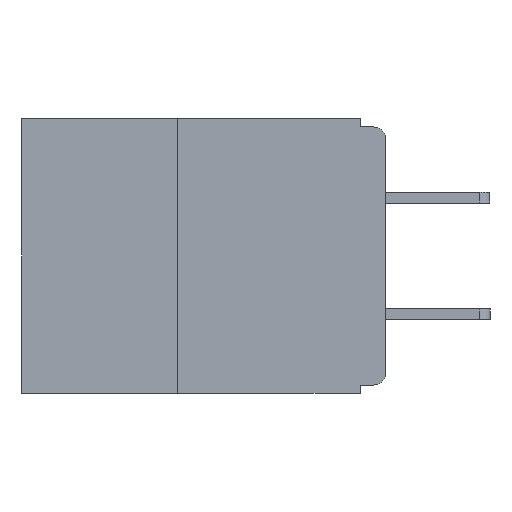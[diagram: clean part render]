
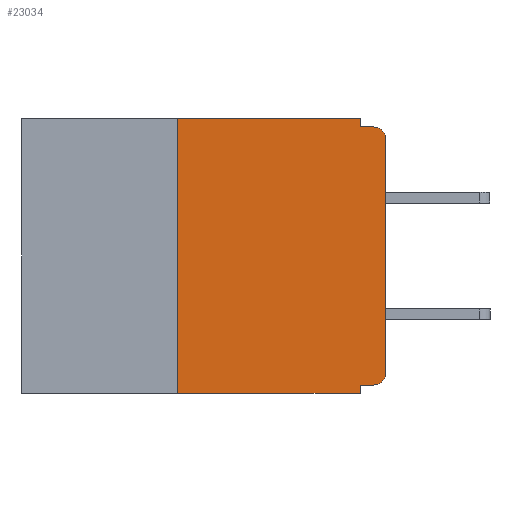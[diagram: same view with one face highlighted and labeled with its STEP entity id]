
A CAD part, left-side view. The second image highlights one B-rep face of the part: STEP entity #23034.
In plain terms, the highlighted planar face has unit normal (-1, 0, 0).
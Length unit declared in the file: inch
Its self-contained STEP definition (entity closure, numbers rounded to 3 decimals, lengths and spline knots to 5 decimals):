
#27 = VECTOR ( 'NONE', #16659, 39.37008 ) ;
#232 = ORIENTED_EDGE ( 'NONE', *, *, #22890, .F. ) ;
#993 = EDGE_CURVE ( 'NONE', #9481, #8684, #10188, .T. ) ;
#1696 = CARTESIAN_POINT ( 'NONE',  ( 0., 0.437, -0.33 ) ) ;
#2200 = CARTESIAN_POINT ( 'NONE',  ( 0., 0.031, 0. ) ) ;
#2378 = VECTOR ( 'NONE', #20850, 39.37008 ) ;
#2565 = ORIENTED_EDGE ( 'NONE', *, *, #21856, .T. ) ;
#2577 = ORIENTED_EDGE ( 'NONE', *, *, #3247, .F. ) ;
#2694 = CARTESIAN_POINT ( 'NONE',  ( 0., 0.015, -0.025 ) ) ;
#2989 = LINE ( 'NONE', #2200, #2378 ) ;
#3058 = VERTEX_POINT ( 'NONE', #19097 ) ;
#3228 = VERTEX_POINT ( 'NONE', #17073 ) ;
#3247 = EDGE_CURVE ( 'NONE', #4655, #15982, #5713, .T. ) ;
#3323 = DIRECTION ( 'NONE',  ( 0., 0., -1. ) ) ;
#3370 = DIRECTION ( 'NONE',  ( -1., 0., 0. ) ) ;
#3914 = EDGE_LOOP ( 'NONE', ( #2565, #17978, #22566, #232, #5000, #5827, #12545, #17095, #2577, #18315 ) ) ;
#4304 = AXIS2_PLACEMENT_3D ( 'NONE', #2694, #15743, #4607 ) ;
#4607 = DIRECTION ( 'NONE',  ( 0., 0., -1. ) ) ;
#4655 = VERTEX_POINT ( 'NONE', #9355 ) ;
#4985 = VERTEX_POINT ( 'NONE', #21914 ) ;
#5000 = ORIENTED_EDGE ( 'NONE', *, *, #993, .F. ) ;
#5205 = CARTESIAN_POINT ( 'NONE',  ( 0., 0., -0.025 ) ) ;
#5713 = LINE ( 'NONE', #16992, #27 ) ;
#5827 = ORIENTED_EDGE ( 'NONE', *, *, #21681, .F. ) ;
#6001 = VECTOR ( 'NONE', #22898, 39.37008 ) ;
#6338 = CARTESIAN_POINT ( 'NONE',  ( 0., 0.25, -0.33 ) ) ;
#6440 = CARTESIAN_POINT ( 'NONE',  ( 0., 0.437, 0. ) ) ;
#6812 = CARTESIAN_POINT ( 'NONE',  ( 0., 0., 0. ) ) ;
#7129 = CARTESIAN_POINT ( 'NONE',  ( 0., 0.031, -0.33 ) ) ;
#7462 = VECTOR ( 'NONE', #8708, 39.37008 ) ;
#8409 = PLANE ( 'NONE',  #21364 ) ;
#8450 = AXIS2_PLACEMENT_3D ( 'NONE', #14555, #3370, #16377 ) ;
#8684 = VERTEX_POINT ( 'NONE', #15642 ) ;
#8708 = DIRECTION ( 'NONE',  ( 0., 0., 1. ) ) ;
#9051 = DIRECTION ( 'NONE',  ( 0., -1., 0. ) ) ;
#9355 = CARTESIAN_POINT ( 'NONE',  ( 0., 0.015, -0.32 ) ) ;
#9481 = VERTEX_POINT ( 'NONE', #12353 ) ;
#10188 = LINE ( 'NONE', #10381, #18778 ) ;
#10263 = DIRECTION ( 'NONE',  ( 0., 0., -1. ) ) ;
#10381 = CARTESIAN_POINT ( 'NONE',  ( 0., 0.437, 0. ) ) ;
#10891 = CARTESIAN_POINT ( 'NONE',  ( 0., 0.031, -0.32 ) ) ;
#10953 = LINE ( 'NONE', #6338, #6001 ) ;
#11026 = DIRECTION ( 'NONE',  ( 0., -1., 0. ) ) ;
#12177 = VECTOR ( 'NONE', #3323, 39.37008 ) ;
#12353 = CARTESIAN_POINT ( 'NONE',  ( 0., 0.25, 0. ) ) ;
#12422 = CIRCLE ( 'NONE', #8450, 0.015 ) ;
#12545 = ORIENTED_EDGE ( 'NONE', *, *, #20440, .T. ) ;
#13296 = EDGE_CURVE ( 'NONE', #4985, #17828, #18393, .T. ) ;
#13630 = VECTOR ( 'NONE', #14811, 39.37008 ) ;
#14387 = FACE_OUTER_BOUND ( 'NONE', #3914, .T. ) ;
#14555 = CARTESIAN_POINT ( 'NONE',  ( 0., 0.015, -0.305 ) ) ;
#14811 = DIRECTION ( 'NONE',  ( 0., -1., 0. ) ) ;
#15642 = CARTESIAN_POINT ( 'NONE',  ( 0., 0.031, 0. ) ) ;
#15743 = DIRECTION ( 'NONE',  ( -1., 0., 0. ) ) ;
#15982 = VERTEX_POINT ( 'NONE', #10891 ) ;
#16377 = DIRECTION ( 'NONE',  ( 0., 0., -1. ) ) ;
#16454 = CARTESIAN_POINT ( 'NONE',  ( 0., 0., -0.01 ) ) ;
#16519 = CARTESIAN_POINT ( 'NONE',  ( 0., 0.015, -0.01 ) ) ;
#16659 = DIRECTION ( 'NONE',  ( 0., 1., 0. ) ) ;
#16992 = CARTESIAN_POINT ( 'NONE',  ( 0., 0., -0.32 ) ) ;
#17073 = CARTESIAN_POINT ( 'NONE',  ( 0., 0.031, -0.33 ) ) ;
#17095 = ORIENTED_EDGE ( 'NONE', *, *, #17980, .F. ) ;
#17135 = VERTEX_POINT ( 'NONE', #17895 ) ;
#17828 = VERTEX_POINT ( 'NONE', #16519 ) ;
#17895 = CARTESIAN_POINT ( 'NONE',  ( 0., 0.25, -0.33 ) ) ;
#17978 = ORIENTED_EDGE ( 'NONE', *, *, #21075, .T. ) ;
#17980 = EDGE_CURVE ( 'NONE', #15982, #3228, #21880, .T. ) ;
#18315 = ORIENTED_EDGE ( 'NONE', *, *, #18603, .T. ) ;
#18393 = LINE ( 'NONE', #16454, #22682 ) ;
#18465 = LINE ( 'NONE', #1696, #13630 ) ;
#18603 = EDGE_CURVE ( 'NONE', #4655, #3058, #12422, .T. ) ;
#18778 = VECTOR ( 'NONE', #11026, 39.37008 ) ;
#19097 = CARTESIAN_POINT ( 'NONE',  ( 0., 0., -0.305 ) ) ;
#19277 = CIRCLE ( 'NONE', #4304, 0.015 ) ;
#20396 = VERTEX_POINT ( 'NONE', #5205 ) ;
#20440 = EDGE_CURVE ( 'NONE', #17135, #3228, #18465, .T. ) ;
#20850 = DIRECTION ( 'NONE',  ( 0., 0., -1. ) ) ;
#21075 = EDGE_CURVE ( 'NONE', #20396, #17828, #19277, .T. ) ;
#21250 = DIRECTION ( 'NONE',  ( 1., 0., 0. ) ) ;
#21364 = AXIS2_PLACEMENT_3D ( 'NONE', #6440, #21250, #10263 ) ;
#21681 = EDGE_CURVE ( 'NONE', #17135, #9481, #10953, .T. ) ;
#21856 = EDGE_CURVE ( 'NONE', #3058, #20396, #22115, .T. ) ;
#21880 = LINE ( 'NONE', #7129, #12177 ) ;
#21914 = CARTESIAN_POINT ( 'NONE',  ( 0., 0.031, -0.01 ) ) ;
#22115 = LINE ( 'NONE', #6812, #7462 ) ;
#22566 = ORIENTED_EDGE ( 'NONE', *, *, #13296, .F. ) ;
#22682 = VECTOR ( 'NONE', #9051, 39.37008 ) ;
#22890 = EDGE_CURVE ( 'NONE', #8684, #4985, #2989, .T. ) ;
#22898 = DIRECTION ( 'NONE',  ( 0., 0., 1. ) ) ;
#23034 = ADVANCED_FACE ( 'NONE', ( #14387 ), #8409, .F. ) ;

--- --- ---

What needs to be done =>
Based on the records above, how many lines hold the string "VECTOR"? Answer with the number by itself.

Solution =>
8